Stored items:

==================================================

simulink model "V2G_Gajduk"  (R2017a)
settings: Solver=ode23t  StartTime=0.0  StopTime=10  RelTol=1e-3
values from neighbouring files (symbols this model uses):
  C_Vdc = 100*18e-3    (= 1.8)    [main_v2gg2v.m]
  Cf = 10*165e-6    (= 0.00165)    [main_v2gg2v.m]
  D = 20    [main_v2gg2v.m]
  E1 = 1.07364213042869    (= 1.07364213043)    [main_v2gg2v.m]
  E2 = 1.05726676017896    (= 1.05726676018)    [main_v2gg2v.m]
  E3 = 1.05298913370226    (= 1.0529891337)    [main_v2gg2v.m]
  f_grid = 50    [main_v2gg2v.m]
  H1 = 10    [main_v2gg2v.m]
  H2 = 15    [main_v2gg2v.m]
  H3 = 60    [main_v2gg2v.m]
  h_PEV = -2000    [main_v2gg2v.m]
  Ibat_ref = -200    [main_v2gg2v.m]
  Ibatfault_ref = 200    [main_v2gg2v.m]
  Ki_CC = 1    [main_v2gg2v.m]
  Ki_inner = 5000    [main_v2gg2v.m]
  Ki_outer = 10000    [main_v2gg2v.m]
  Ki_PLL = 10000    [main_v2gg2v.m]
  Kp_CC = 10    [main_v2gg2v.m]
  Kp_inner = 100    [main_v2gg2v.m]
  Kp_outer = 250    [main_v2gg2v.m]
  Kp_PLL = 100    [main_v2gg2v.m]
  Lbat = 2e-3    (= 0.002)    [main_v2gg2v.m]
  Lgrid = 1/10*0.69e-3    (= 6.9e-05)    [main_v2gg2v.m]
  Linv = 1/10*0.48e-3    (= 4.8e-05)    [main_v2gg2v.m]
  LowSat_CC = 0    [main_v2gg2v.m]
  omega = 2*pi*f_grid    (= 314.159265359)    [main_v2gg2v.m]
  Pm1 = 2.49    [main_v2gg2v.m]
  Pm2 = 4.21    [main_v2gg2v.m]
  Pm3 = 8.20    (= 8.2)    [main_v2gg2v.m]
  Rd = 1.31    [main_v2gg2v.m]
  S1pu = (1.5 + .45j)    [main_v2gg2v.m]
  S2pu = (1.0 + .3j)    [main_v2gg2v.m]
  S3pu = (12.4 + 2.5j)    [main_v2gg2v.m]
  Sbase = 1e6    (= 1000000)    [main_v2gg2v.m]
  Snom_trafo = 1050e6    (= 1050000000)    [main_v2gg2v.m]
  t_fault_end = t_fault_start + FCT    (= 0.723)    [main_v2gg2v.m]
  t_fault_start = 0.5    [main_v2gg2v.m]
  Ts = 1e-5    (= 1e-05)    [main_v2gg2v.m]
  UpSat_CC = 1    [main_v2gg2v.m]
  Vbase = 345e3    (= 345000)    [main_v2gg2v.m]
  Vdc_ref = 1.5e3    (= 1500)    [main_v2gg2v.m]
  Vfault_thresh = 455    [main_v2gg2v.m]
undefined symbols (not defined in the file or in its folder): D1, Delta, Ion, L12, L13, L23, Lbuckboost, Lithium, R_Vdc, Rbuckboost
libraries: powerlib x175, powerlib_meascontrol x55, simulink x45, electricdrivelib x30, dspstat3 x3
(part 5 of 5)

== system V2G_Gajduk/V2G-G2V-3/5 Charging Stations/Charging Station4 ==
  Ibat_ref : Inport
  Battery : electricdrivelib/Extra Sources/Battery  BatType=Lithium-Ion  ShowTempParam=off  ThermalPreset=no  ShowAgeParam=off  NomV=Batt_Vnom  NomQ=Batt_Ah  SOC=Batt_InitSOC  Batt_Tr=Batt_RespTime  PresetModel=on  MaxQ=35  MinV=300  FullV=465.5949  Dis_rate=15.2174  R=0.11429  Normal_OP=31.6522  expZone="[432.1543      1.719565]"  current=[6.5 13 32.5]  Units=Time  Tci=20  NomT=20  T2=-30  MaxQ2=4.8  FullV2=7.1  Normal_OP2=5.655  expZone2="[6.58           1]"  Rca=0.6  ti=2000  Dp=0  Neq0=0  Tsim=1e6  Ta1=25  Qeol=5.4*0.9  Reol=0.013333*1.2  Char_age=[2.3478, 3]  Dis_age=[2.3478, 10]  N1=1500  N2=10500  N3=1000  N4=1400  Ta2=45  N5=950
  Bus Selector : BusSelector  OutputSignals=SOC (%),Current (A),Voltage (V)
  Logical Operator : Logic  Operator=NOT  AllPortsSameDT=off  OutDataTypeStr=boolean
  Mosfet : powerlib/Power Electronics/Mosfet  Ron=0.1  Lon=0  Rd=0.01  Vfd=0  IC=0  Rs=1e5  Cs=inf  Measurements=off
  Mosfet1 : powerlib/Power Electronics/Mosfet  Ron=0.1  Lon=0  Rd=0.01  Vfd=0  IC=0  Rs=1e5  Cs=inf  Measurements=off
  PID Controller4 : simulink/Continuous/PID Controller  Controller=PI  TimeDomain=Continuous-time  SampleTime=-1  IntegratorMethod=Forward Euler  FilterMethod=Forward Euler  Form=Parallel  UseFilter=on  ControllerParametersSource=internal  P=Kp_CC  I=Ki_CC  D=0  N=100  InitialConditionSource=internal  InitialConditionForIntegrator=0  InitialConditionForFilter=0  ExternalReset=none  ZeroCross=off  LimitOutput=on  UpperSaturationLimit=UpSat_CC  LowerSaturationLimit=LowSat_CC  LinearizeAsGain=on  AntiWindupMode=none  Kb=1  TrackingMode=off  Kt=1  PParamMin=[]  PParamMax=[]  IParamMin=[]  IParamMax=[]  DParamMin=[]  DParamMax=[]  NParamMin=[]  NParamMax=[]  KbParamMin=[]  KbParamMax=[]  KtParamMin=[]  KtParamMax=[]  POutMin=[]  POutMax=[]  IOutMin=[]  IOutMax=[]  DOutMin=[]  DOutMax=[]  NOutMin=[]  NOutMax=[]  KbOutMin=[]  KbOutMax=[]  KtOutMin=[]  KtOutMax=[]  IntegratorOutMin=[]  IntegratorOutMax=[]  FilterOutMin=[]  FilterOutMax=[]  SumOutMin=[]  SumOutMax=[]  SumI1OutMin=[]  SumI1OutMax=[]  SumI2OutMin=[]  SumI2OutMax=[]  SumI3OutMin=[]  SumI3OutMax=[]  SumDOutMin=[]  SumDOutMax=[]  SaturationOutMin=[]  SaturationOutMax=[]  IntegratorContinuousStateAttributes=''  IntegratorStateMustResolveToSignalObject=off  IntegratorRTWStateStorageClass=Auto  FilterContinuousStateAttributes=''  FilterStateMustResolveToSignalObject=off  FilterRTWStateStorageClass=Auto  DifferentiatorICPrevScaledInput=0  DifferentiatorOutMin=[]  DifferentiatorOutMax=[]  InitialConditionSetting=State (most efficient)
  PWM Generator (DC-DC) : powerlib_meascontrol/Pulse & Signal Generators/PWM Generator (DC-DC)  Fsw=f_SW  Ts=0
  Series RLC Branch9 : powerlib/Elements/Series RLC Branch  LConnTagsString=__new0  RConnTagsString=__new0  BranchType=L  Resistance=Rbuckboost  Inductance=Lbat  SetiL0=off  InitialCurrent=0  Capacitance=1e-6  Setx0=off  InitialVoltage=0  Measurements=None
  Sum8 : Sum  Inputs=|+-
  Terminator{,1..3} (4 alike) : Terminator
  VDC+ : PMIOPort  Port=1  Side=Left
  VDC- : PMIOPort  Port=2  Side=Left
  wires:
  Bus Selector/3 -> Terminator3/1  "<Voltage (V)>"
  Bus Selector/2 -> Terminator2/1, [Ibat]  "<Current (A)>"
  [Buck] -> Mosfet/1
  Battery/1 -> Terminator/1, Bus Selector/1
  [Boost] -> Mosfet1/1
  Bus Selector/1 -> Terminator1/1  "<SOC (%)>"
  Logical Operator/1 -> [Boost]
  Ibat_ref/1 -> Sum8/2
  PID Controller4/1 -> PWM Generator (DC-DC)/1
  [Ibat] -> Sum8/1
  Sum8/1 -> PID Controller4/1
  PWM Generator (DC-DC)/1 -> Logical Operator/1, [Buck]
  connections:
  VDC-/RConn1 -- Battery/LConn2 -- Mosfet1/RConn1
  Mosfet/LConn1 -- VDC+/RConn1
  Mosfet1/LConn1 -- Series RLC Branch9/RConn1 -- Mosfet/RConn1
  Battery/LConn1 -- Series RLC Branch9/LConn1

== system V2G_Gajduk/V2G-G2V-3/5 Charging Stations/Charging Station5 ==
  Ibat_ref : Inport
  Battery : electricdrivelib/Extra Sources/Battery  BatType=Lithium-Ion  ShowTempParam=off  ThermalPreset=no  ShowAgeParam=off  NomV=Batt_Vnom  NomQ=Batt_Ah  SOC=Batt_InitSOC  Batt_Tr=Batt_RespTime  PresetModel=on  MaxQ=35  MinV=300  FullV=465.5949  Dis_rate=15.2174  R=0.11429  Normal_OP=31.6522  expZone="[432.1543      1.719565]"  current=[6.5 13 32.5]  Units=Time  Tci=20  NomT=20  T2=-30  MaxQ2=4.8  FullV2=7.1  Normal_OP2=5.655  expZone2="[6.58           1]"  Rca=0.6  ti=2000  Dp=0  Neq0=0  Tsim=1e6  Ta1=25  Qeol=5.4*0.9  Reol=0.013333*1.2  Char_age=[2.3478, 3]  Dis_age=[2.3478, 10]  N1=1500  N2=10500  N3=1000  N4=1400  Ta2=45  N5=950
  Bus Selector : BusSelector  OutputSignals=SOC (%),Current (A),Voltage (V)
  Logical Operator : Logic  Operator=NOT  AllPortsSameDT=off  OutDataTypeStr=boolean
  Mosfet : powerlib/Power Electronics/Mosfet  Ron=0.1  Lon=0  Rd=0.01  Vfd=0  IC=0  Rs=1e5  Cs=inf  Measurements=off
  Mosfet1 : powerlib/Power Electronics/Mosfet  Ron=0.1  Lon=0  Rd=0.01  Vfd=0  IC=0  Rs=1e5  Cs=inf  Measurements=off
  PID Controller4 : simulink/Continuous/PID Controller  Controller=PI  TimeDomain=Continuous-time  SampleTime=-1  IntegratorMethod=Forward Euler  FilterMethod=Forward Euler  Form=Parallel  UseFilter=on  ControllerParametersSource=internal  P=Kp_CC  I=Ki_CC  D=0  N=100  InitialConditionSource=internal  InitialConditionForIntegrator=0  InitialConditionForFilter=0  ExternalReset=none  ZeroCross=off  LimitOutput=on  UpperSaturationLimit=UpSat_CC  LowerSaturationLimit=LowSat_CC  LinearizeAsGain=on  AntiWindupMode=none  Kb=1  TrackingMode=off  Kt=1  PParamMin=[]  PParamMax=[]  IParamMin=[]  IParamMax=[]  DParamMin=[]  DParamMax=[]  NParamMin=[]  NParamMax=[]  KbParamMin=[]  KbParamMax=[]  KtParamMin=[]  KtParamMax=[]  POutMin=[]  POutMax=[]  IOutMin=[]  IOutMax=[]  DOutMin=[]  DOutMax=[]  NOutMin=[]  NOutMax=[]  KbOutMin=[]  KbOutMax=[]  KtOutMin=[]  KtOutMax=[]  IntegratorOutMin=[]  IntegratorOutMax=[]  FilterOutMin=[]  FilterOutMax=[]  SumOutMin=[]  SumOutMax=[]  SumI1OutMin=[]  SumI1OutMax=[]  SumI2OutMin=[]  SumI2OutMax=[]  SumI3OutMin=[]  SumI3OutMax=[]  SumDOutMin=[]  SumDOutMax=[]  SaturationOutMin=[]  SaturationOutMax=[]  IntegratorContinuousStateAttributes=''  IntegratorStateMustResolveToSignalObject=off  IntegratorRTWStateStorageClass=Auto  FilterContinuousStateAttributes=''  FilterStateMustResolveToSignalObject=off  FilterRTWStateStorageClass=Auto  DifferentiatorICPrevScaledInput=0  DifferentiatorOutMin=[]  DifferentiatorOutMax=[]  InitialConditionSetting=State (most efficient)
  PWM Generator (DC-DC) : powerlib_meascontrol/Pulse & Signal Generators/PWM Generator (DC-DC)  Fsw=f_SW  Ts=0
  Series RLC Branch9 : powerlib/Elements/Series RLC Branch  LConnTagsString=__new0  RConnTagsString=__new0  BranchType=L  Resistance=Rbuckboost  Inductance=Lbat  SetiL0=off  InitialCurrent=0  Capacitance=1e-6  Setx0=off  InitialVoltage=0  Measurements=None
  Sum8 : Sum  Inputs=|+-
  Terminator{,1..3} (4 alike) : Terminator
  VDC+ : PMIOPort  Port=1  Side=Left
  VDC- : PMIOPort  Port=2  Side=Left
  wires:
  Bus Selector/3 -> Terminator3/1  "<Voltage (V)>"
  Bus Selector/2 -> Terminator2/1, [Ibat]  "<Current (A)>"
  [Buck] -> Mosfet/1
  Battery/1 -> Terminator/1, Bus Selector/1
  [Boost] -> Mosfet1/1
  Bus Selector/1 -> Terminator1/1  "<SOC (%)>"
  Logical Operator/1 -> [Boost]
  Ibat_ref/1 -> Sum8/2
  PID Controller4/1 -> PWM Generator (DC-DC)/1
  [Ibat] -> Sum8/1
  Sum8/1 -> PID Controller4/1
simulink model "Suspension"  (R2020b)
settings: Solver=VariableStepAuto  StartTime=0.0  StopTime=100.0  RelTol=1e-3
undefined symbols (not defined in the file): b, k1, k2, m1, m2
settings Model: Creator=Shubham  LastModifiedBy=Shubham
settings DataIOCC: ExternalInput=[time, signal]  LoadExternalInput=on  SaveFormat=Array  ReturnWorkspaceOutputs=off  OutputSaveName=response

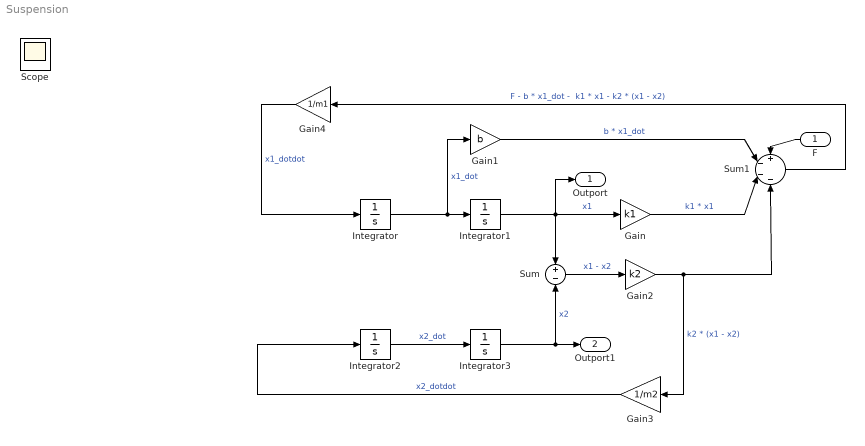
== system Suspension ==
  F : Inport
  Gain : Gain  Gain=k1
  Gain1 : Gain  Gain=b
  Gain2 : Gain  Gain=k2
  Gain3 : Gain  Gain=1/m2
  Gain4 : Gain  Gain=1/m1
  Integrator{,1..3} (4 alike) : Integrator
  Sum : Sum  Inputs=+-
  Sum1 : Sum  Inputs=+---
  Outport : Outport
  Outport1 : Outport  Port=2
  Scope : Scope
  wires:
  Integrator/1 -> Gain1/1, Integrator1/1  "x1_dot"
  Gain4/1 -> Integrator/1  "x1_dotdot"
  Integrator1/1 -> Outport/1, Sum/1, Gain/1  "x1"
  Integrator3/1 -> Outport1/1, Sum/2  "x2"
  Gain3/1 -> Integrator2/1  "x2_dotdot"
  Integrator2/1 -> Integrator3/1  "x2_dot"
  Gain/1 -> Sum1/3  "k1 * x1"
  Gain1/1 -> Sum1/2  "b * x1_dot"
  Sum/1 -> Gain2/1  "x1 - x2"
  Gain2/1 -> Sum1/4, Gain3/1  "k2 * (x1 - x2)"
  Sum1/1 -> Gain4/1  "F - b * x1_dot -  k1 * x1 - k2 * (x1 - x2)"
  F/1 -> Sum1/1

==================================================

Could you restate, word for word, the lines above from the one with "Integrator3/1 -> Outport1/1, Sum/2" to the one with "Gain2/1 -> Sum1/4, Gain3/1", both included?

- **Answer space**
  Integrator3/1 -> Outport1/1, Sum/2  "x2"
  Gain3/1 -> Integrator2/1  "x2_dotdot"
  Integrator2/1 -> Integrator3/1  "x2_dot"
  Gain/1 -> Sum1/3  "k1 * x1"
  Gain1/1 -> Sum1/2  "b * x1_dot"
  Sum/1 -> Gain2/1  "x1 - x2"
  Gain2/1 -> Sum1/4, Gain3/1  "k2 * (x1 - x2)"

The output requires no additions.